- [WHAT THE TASK ASKS]
Begin at the line containing "FILE_NAME('part.step','',(''),(''),'','','');" in the entries below and end at the line containing "#35=CARTESIAN_POINT('',(0.,16.,5.));"; transcribe that range exactly and nothing outside it.

- [SUPPLIED ENTRIES]

====================

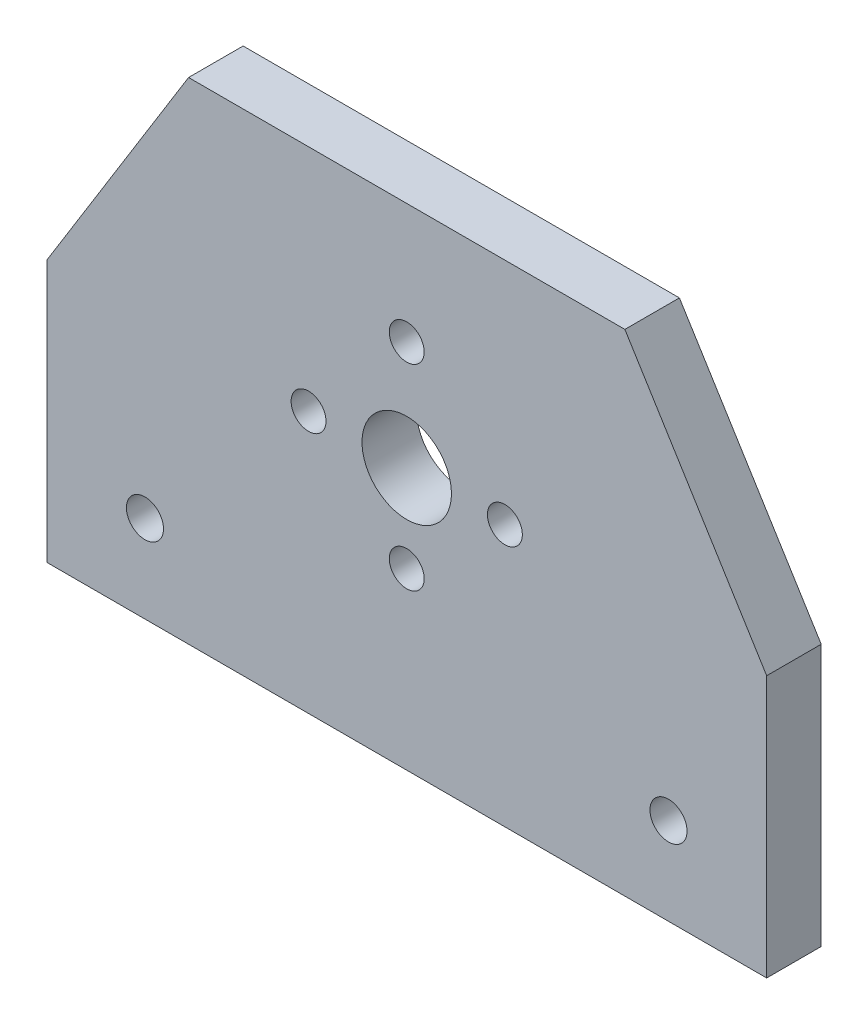
ISO-10303-21;
HEADER;
FILE_DESCRIPTION(('STEP AP214'),'2;1');
FILE_NAME('part.step','',(''),(''),'','','');
FILE_SCHEMA(('AUTOMOTIVE_DESIGN { 1 0 10303 214 1 1 1 1 }'));
ENDSEC;
DATA;
#1=APPLICATION_CONTEXT('core data for automotive mechanical design processes');
#2=APPLICATION_PROTOCOL_DEFINITION('international standard','automotive_design',2000,#1);
#3=PRODUCT_CONTEXT('',#1,'mechanical');
#4=PRODUCT('Part','Part','',(#3));
#5=PRODUCT_RELATED_PRODUCT_CATEGORY('part','',(#4));
#6=PRODUCT_DEFINITION_FORMATION('','',#4);
#7=PRODUCT_DEFINITION_CONTEXT('part definition',#1,'design');
#8=PRODUCT_DEFINITION('design','',#6,#7);
#9=PRODUCT_DEFINITION_SHAPE('','',#8);
#10=(LENGTH_UNIT() NAMED_UNIT(*) SI_UNIT(.MILLI.,.METRE.));
#11=(NAMED_UNIT(*) PLANE_ANGLE_UNIT() SI_UNIT($,.RADIAN.));
#12=(NAMED_UNIT(*) SI_UNIT($,.STERADIAN.) SOLID_ANGLE_UNIT());
#13=UNCERTAINTY_MEASURE_WITH_UNIT(LENGTH_MEASURE(1.E-05),#10,'distance_accuracy_value','');
#14=(GEOMETRIC_REPRESENTATION_CONTEXT(3) GLOBAL_UNCERTAINTY_ASSIGNED_CONTEXT((#13)) GLOBAL_UNIT_ASSIGNED_CONTEXT((#10,
#11,#12)) REPRESENTATION_CONTEXT('',''));
#15=CARTESIAN_POINT('',(0.,0.,0.));
#16=DIRECTION('',(0.,0.,1.));
#17=DIRECTION('',(1.,0.,0.));
#18=AXIS2_PLACEMENT_3D('',#15,#16,#17);
#19=CARTESIAN_POINT('',(0.,0.,5.));
#20=DIRECTION('',(0.,0.,1.));
#21=DIRECTION('',(1.,0.,0.));
#22=AXIS2_PLACEMENT_3D('',#19,#20,#21);
#23=PLANE('',#22);
#24=CARTESIAN_POINT('',(-24.,8.,5.));
#25=DIRECTION('',(0.,0.,1.));
#26=DIRECTION('',(1.,0.,0.));
#27=AXIS2_PLACEMENT_3D('',#24,#25,#26);
#28=CIRCLE('',#27,1.7);
#29=CARTESIAN_POINT('',(-22.3,8.,5.));
#30=VERTEX_POINT('',#29);
#31=EDGE_CURVE('E209',#30,#30,#28,.T.);
#32=ORIENTED_EDGE('',*,*,#31,.F.);
#33=EDGE_LOOP('',(#32));
#34=FACE_BOUND('',#33,.T.);
#35=CARTESIAN_POINT('',(0.,16.,5.));
#36=DIRECTION('',(0.,0.,1.));
#37=DIRECTION('',(1.,0.,0.));
#38=AXIS2_PLACEMENT_3D('',#35,#36,#37);
#39=CIRCLE('',#38,1.6);
#40=CARTESIAN_POINT('',(1.6,16.,5.));
#41=VERTEX_POINT('',#40);
#42=EDGE_CURVE('E221',#41,#41,#39,.T.);
#43=ORIENTED_EDGE('',*,*,#42,.F.);
#44=EDGE_LOOP('',(#43));
#45=FACE_BOUND('',#44,.T.);
#46=CARTESIAN_POINT('',(-9.,24.,5.));
#47=DIRECTION('',(0.,0.,1.));
#48=DIRECTION('',(1.,0.,0.));
#49=AXIS2_PLACEMENT_3D('',#46,#47,#48);
#50=CIRCLE('',#49,1.6);
#51=CARTESIAN_POINT('',(-7.4,24.,5.));
#52=VERTEX_POINT('',#51);
#53=EDGE_CURVE('E233',#52,#52,#50,.T.);
#54=ORIENTED_EDGE('',*,*,#53,.F.);
#55=EDGE_LOOP('',(#54));
#56=FACE_BOUND('',#55,.T.);
#57=DIRECTION('',(0.,-1.,0.));
#58=VECTOR('',#57,1.);
#59=CARTESIAN_POINT('',(-33.,24.,5.));
#60=LINE('',#59,#58);
#61=CARTESIAN_POINT('',(-33.,24.,5.));
#62=VERTEX_POINT('',#61);
#63=CARTESIAN_POINT('',(-33.,0.,5.));
#64=VERTEX_POINT('',#63);
#65=EDGE_CURVE('E137',#62,#64,#60,.T.);
#66=ORIENTED_EDGE('',*,*,#65,.T.);
#67=DIRECTION('',(1.,0.,0.));
#68=VECTOR('',#67,1.);
#69=CARTESIAN_POINT('',(-33.,0.,5.));
#70=LINE('',#69,#68);
#71=CARTESIAN_POINT('',(33.,0.,5.));
#72=VERTEX_POINT('',#71);
#73=EDGE_CURVE('E95',#64,#72,#70,.T.);
#74=ORIENTED_EDGE('',*,*,#73,.T.);
#75=DIRECTION('',(0.,1.,0.));
#76=VECTOR('',#75,1.);
#77=CARTESIAN_POINT('',(33.,0.,5.));
#78=LINE('',#77,#76);
#79=CARTESIAN_POINT('',(33.,24.,5.));
#80=VERTEX_POINT('',#79);
#81=EDGE_CURVE('E108',#72,#80,#78,.T.);
#82=ORIENTED_EDGE('',*,*,#81,.T.);
#83=DIRECTION('',(-0.526354614616296,0.850265146687862,0.));
#84=VECTOR('',#83,1.);
#85=CARTESIAN_POINT('',(33.,24.,5.));
#86=LINE('',#85,#84);
#87=CARTESIAN_POINT('',(20.,45.,5.));
#88=VERTEX_POINT('',#87);
#89=EDGE_CURVE('E102',#80,#88,#86,.T.);
#90=ORIENTED_EDGE('',*,*,#89,.T.);
#91=DIRECTION('',(-1.,0.,0.));
#92=VECTOR('',#91,1.);
#93=CARTESIAN_POINT('',(20.,45.,5.));
#94=LINE('',#93,#92);
#95=CARTESIAN_POINT('',(-20.,45.,5.));
#96=VERTEX_POINT('',#95);
#97=EDGE_CURVE('E106',#88,#96,#94,.T.);
#98=ORIENTED_EDGE('',*,*,#97,.T.);
#99=DIRECTION('',(-0.526354614616296,-0.850265146687862,0.));
#100=VECTOR('',#99,1.);
#101=CARTESIAN_POINT('',(-20.,45.,5.));
#102=LINE('',#101,#100);
#103=EDGE_CURVE('E58',#96,#62,#102,.T.);
#104=ORIENTED_EDGE('',*,*,#103,.T.);
#105=EDGE_LOOP('',(#66,#74,#82,#90,#98,#104));
#106=FACE_BOUND('',#105,.T.);
#107=CARTESIAN_POINT('',(0.,24.,5.));
#108=DIRECTION('',(0.,0.,1.));
#109=DIRECTION('',(1.,0.,0.));
#110=AXIS2_PLACEMENT_3D('',#107,#108,#109);
#111=CIRCLE('',#110,4.1);
#112=CARTESIAN_POINT('',(4.1,24.,5.));
#113=VERTEX_POINT('',#112);
#114=EDGE_CURVE('E130',#113,#113,#111,.T.);
#115=ORIENTED_EDGE('',*,*,#114,.F.);
#116=EDGE_LOOP('',(#115));
#117=FACE_BOUND('',#116,.T.);
#118=CARTESIAN_POINT('',(9.,24.,5.));
#119=DIRECTION('',(0.,0.,1.));
#120=DIRECTION('',(1.,0.,0.));
#121=AXIS2_PLACEMENT_3D('',#118,#119,#120);
#122=CIRCLE('',#121,1.6);
#123=CARTESIAN_POINT('',(10.6,24.,5.));
#124=VERTEX_POINT('',#123);
#125=EDGE_CURVE('E227',#124,#124,#122,.T.);
#126=ORIENTED_EDGE('',*,*,#125,.F.);
#127=EDGE_LOOP('',(#126));
#128=FACE_BOUND('',#127,.T.);
#129=CARTESIAN_POINT('',(0.,34.,5.));
#130=DIRECTION('',(0.,0.,1.));
#131=DIRECTION('',(1.,0.,0.));
#132=AXIS2_PLACEMENT_3D('',#129,#130,#131);
#133=CIRCLE('',#132,1.6);
#134=CARTESIAN_POINT('',(1.6,34.,5.));
#135=VERTEX_POINT('',#134);
#136=EDGE_CURVE('E215',#135,#135,#133,.T.);
#137=ORIENTED_EDGE('',*,*,#136,.F.);
#138=EDGE_LOOP('',(#137));
#139=FACE_BOUND('',#138,.T.);
#140=CARTESIAN_POINT('',(24.,8.,5.));
#141=DIRECTION('',(0.,0.,1.));
#142=DIRECTION('',(1.,0.,0.));
#143=AXIS2_PLACEMENT_3D('',#140,#141,#142);
#144=CIRCLE('',#143,1.7);
#145=CARTESIAN_POINT('',(25.7,8.,5.));
#146=VERTEX_POINT('',#145);
#147=EDGE_CURVE('E200',#146,#146,#144,.T.);
#148=ORIENTED_EDGE('',*,*,#147,.F.);
#149=EDGE_LOOP('',(#148));
#150=FACE_BOUND('',#149,.T.);
#151=ADVANCED_FACE('F41',(#34,#45,#56,#106,#117,#128,#139,#150),#23,.T.);
#152=CARTESIAN_POINT('',(0.,0.,0.));
#153=DIRECTION('',(0.,0.,1.));
#154=DIRECTION('',(1.,0.,0.));
#155=AXIS2_PLACEMENT_3D('',#152,#153,#154);
#156=PLANE('',#155);
#157=DIRECTION('',(0.,-1.,0.));
#158=VECTOR('',#157,1.);
#159=CARTESIAN_POINT('',(-33.,24.,0.));
#160=LINE('',#159,#158);
#161=CARTESIAN_POINT('',(-33.,24.,0.));
#162=VERTEX_POINT('',#161);
#163=CARTESIAN_POINT('',(-33.,0.,0.));
#164=VERTEX_POINT('',#163);
#165=EDGE_CURVE('E126',#162,#164,#160,.T.);
#166=ORIENTED_EDGE('',*,*,#165,.F.);
#167=DIRECTION('',(-0.526354614616296,-0.850265146687862,0.));
#168=VECTOR('',#167,1.);
#169=CARTESIAN_POINT('',(-20.,45.,0.));
#170=LINE('',#169,#168);
#171=CARTESIAN_POINT('',(-20.,45.,0.));
#172=VERTEX_POINT('',#171);
#173=EDGE_CURVE('E87',#172,#162,#170,.T.);
#174=ORIENTED_EDGE('',*,*,#173,.F.);
#175=DIRECTION('',(-1.,0.,0.));
#176=VECTOR('',#175,1.);
#177=CARTESIAN_POINT('',(20.,45.,0.));
#178=LINE('',#177,#176);
#179=CARTESIAN_POINT('',(20.,45.,0.));
#180=VERTEX_POINT('',#179);
#181=EDGE_CURVE('E81',#180,#172,#178,.T.);
#182=ORIENTED_EDGE('',*,*,#181,.F.);
#183=DIRECTION('',(-0.526354614616296,0.850265146687862,0.));
#184=VECTOR('',#183,1.);
#185=CARTESIAN_POINT('',(33.,24.,0.));
#186=LINE('',#185,#184);
#187=CARTESIAN_POINT('',(33.,24.,0.));
#188=VERTEX_POINT('',#187);
#189=EDGE_CURVE('E116',#188,#180,#186,.T.);
#190=ORIENTED_EDGE('',*,*,#189,.F.);
#191=DIRECTION('',(0.,1.,0.));
#192=VECTOR('',#191,1.);
#193=CARTESIAN_POINT('',(33.,0.,0.));
#194=LINE('',#193,#192);
#195=CARTESIAN_POINT('',(33.,0.,0.));
#196=VERTEX_POINT('',#195);
#197=EDGE_CURVE('E132',#196,#188,#194,.T.);
#198=ORIENTED_EDGE('',*,*,#197,.F.);
#199=DIRECTION('',(1.,0.,0.));
#200=VECTOR('',#199,1.);
#201=CARTESIAN_POINT('',(-33.,0.,0.));
#202=LINE('',#201,#200);
#203=EDGE_CURVE('E129',#164,#196,#202,.T.);
#204=ORIENTED_EDGE('',*,*,#203,.F.);
#205=EDGE_LOOP('',(#166,#174,#182,#190,#198,#204));
#206=FACE_BOUND('',#205,.T.);
#207=CARTESIAN_POINT('',(0.,24.,0.));
#208=DIRECTION('',(0.,0.,1.));
#209=DIRECTION('',(1.,0.,0.));
#210=AXIS2_PLACEMENT_3D('',#207,#208,#209);
#211=CIRCLE('',#210,4.1);
#212=CARTESIAN_POINT('',(4.1,24.,0.));
#213=VERTEX_POINT('',#212);
#214=EDGE_CURVE('E236',#213,#213,#211,.T.);
#215=ORIENTED_EDGE('',*,*,#214,.T.);
#216=EDGE_LOOP('',(#215));
#217=FACE_BOUND('',#216,.T.);
#218=CARTESIAN_POINT('',(-9.,24.,0.));
#219=DIRECTION('',(0.,0.,1.));
#220=DIRECTION('',(1.,0.,0.));
#221=AXIS2_PLACEMENT_3D('',#218,#219,#220);
#222=CIRCLE('',#221,1.6);
#223=CARTESIAN_POINT('',(-7.4,24.,0.));
#224=VERTEX_POINT('',#223);
#225=EDGE_CURVE('E230',#224,#224,#222,.T.);
#226=ORIENTED_EDGE('',*,*,#225,.T.);
#227=EDGE_LOOP('',(#226));
#228=FACE_BOUND('',#227,.T.);
#229=CARTESIAN_POINT('',(9.,24.,0.));
#230=DIRECTION('',(0.,0.,1.));
#231=DIRECTION('',(1.,0.,0.));
#232=AXIS2_PLACEMENT_3D('',#229,#230,#231);
#233=CIRCLE('',#232,1.6);
#234=CARTESIAN_POINT('',(10.6,24.,0.));
#235=VERTEX_POINT('',#234);
#236=EDGE_CURVE('E224',#235,#235,#233,.T.);
#237=ORIENTED_EDGE('',*,*,#236,.T.);
#238=EDGE_LOOP('',(#237));
#239=FACE_BOUND('',#238,.T.);
#240=CARTESIAN_POINT('',(0.,16.,0.));
#241=DIRECTION('',(0.,0.,1.));
#242=DIRECTION('',(1.,0.,0.));
#243=AXIS2_PLACEMENT_3D('',#240,#241,#242);
#244=CIRCLE('',#243,1.6);
#245=CARTESIAN_POINT('',(1.6,16.,0.));
#246=VERTEX_POINT('',#245);
#247=EDGE_CURVE('E218',#246,#246,#244,.T.);
#248=ORIENTED_EDGE('',*,*,#247,.T.);
#249=EDGE_LOOP('',(#248));
#250=FACE_BOUND('',#249,.T.);
#251=CARTESIAN_POINT('',(0.,34.,0.));
#252=DIRECTION('',(0.,0.,1.));
#253=DIRECTION('',(1.,0.,0.));
#254=AXIS2_PLACEMENT_3D('',#251,#252,#253);
#255=CIRCLE('',#254,1.6);
#256=CARTESIAN_POINT('',(1.6,34.,0.));
#257=VERTEX_POINT('',#256);
#258=EDGE_CURVE('E212',#257,#257,#255,.T.);
#259=ORIENTED_EDGE('',*,*,#258,.T.);
#260=EDGE_LOOP('',(#259));
#261=FACE_BOUND('',#260,.T.);
#262=CARTESIAN_POINT('',(-24.,8.,0.));
#263=DIRECTION('',(0.,0.,1.));
#264=DIRECTION('',(1.,0.,0.));
#265=AXIS2_PLACEMENT_3D('',#262,#263,#264);
#266=CIRCLE('',#265,1.7);
#267=CARTESIAN_POINT('',(-22.3,8.,0.));
#268=VERTEX_POINT('',#267);
#269=EDGE_CURVE('E206',#268,#268,#266,.T.);
#270=ORIENTED_EDGE('',*,*,#269,.T.);
#271=EDGE_LOOP('',(#270));
#272=FACE_BOUND('',#271,.T.);
#273=CARTESIAN_POINT('',(24.,8.,0.));
#274=DIRECTION('',(0.,0.,1.));
#275=DIRECTION('',(1.,0.,0.));
#276=AXIS2_PLACEMENT_3D('',#273,#274,#275);
#277=CIRCLE('',#276,1.7);
#278=CARTESIAN_POINT('',(25.7,8.,0.));
#279=VERTEX_POINT('',#278);
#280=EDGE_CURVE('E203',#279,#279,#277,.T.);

====================

- [SOLUTION TO THIS TASK]
FILE_NAME('part.step','',(''),(''),'','','');
FILE_SCHEMA(('AUTOMOTIVE_DESIGN { 1 0 10303 214 1 1 1 1 }'));
ENDSEC;
DATA;
#1=APPLICATION_CONTEXT('core data for automotive mechanical design processes');
#2=APPLICATION_PROTOCOL_DEFINITION('international standard','automotive_design',2000,#1);
#3=PRODUCT_CONTEXT('',#1,'mechanical');
#4=PRODUCT('Part','Part','',(#3));
#5=PRODUCT_RELATED_PRODUCT_CATEGORY('part','',(#4));
#6=PRODUCT_DEFINITION_FORMATION('','',#4);
#7=PRODUCT_DEFINITION_CONTEXT('part definition',#1,'design');
#8=PRODUCT_DEFINITION('design','',#6,#7);
#9=PRODUCT_DEFINITION_SHAPE('','',#8);
#10=(LENGTH_UNIT() NAMED_UNIT(*) SI_UNIT(.MILLI.,.METRE.));
#11=(NAMED_UNIT(*) PLANE_ANGLE_UNIT() SI_UNIT($,.RADIAN.));
#12=(NAMED_UNIT(*) SI_UNIT($,.STERADIAN.) SOLID_ANGLE_UNIT());
#13=UNCERTAINTY_MEASURE_WITH_UNIT(LENGTH_MEASURE(1.E-05),#10,'distance_accuracy_value','');
#14=(GEOMETRIC_REPRESENTATION_CONTEXT(3) GLOBAL_UNCERTAINTY_ASSIGNED_CONTEXT((#13)) GLOBAL_UNIT_ASSIGNED_CONTEXT((#10,
#11,#12)) REPRESENTATION_CONTEXT('',''));
#15=CARTESIAN_POINT('',(0.,0.,0.));
#16=DIRECTION('',(0.,0.,1.));
#17=DIRECTION('',(1.,0.,0.));
#18=AXIS2_PLACEMENT_3D('',#15,#16,#17);
#19=CARTESIAN_POINT('',(0.,0.,5.));
#20=DIRECTION('',(0.,0.,1.));
#21=DIRECTION('',(1.,0.,0.));
#22=AXIS2_PLACEMENT_3D('',#19,#20,#21);
#23=PLANE('',#22);
#24=CARTESIAN_POINT('',(-24.,8.,5.));
#25=DIRECTION('',(0.,0.,1.));
#26=DIRECTION('',(1.,0.,0.));
#27=AXIS2_PLACEMENT_3D('',#24,#25,#26);
#28=CIRCLE('',#27,1.7);
#29=CARTESIAN_POINT('',(-22.3,8.,5.));
#30=VERTEX_POINT('',#29);
#31=EDGE_CURVE('E209',#30,#30,#28,.T.);
#32=ORIENTED_EDGE('',*,*,#31,.F.);
#33=EDGE_LOOP('',(#32));
#34=FACE_BOUND('',#33,.T.);
#35=CARTESIAN_POINT('',(0.,16.,5.));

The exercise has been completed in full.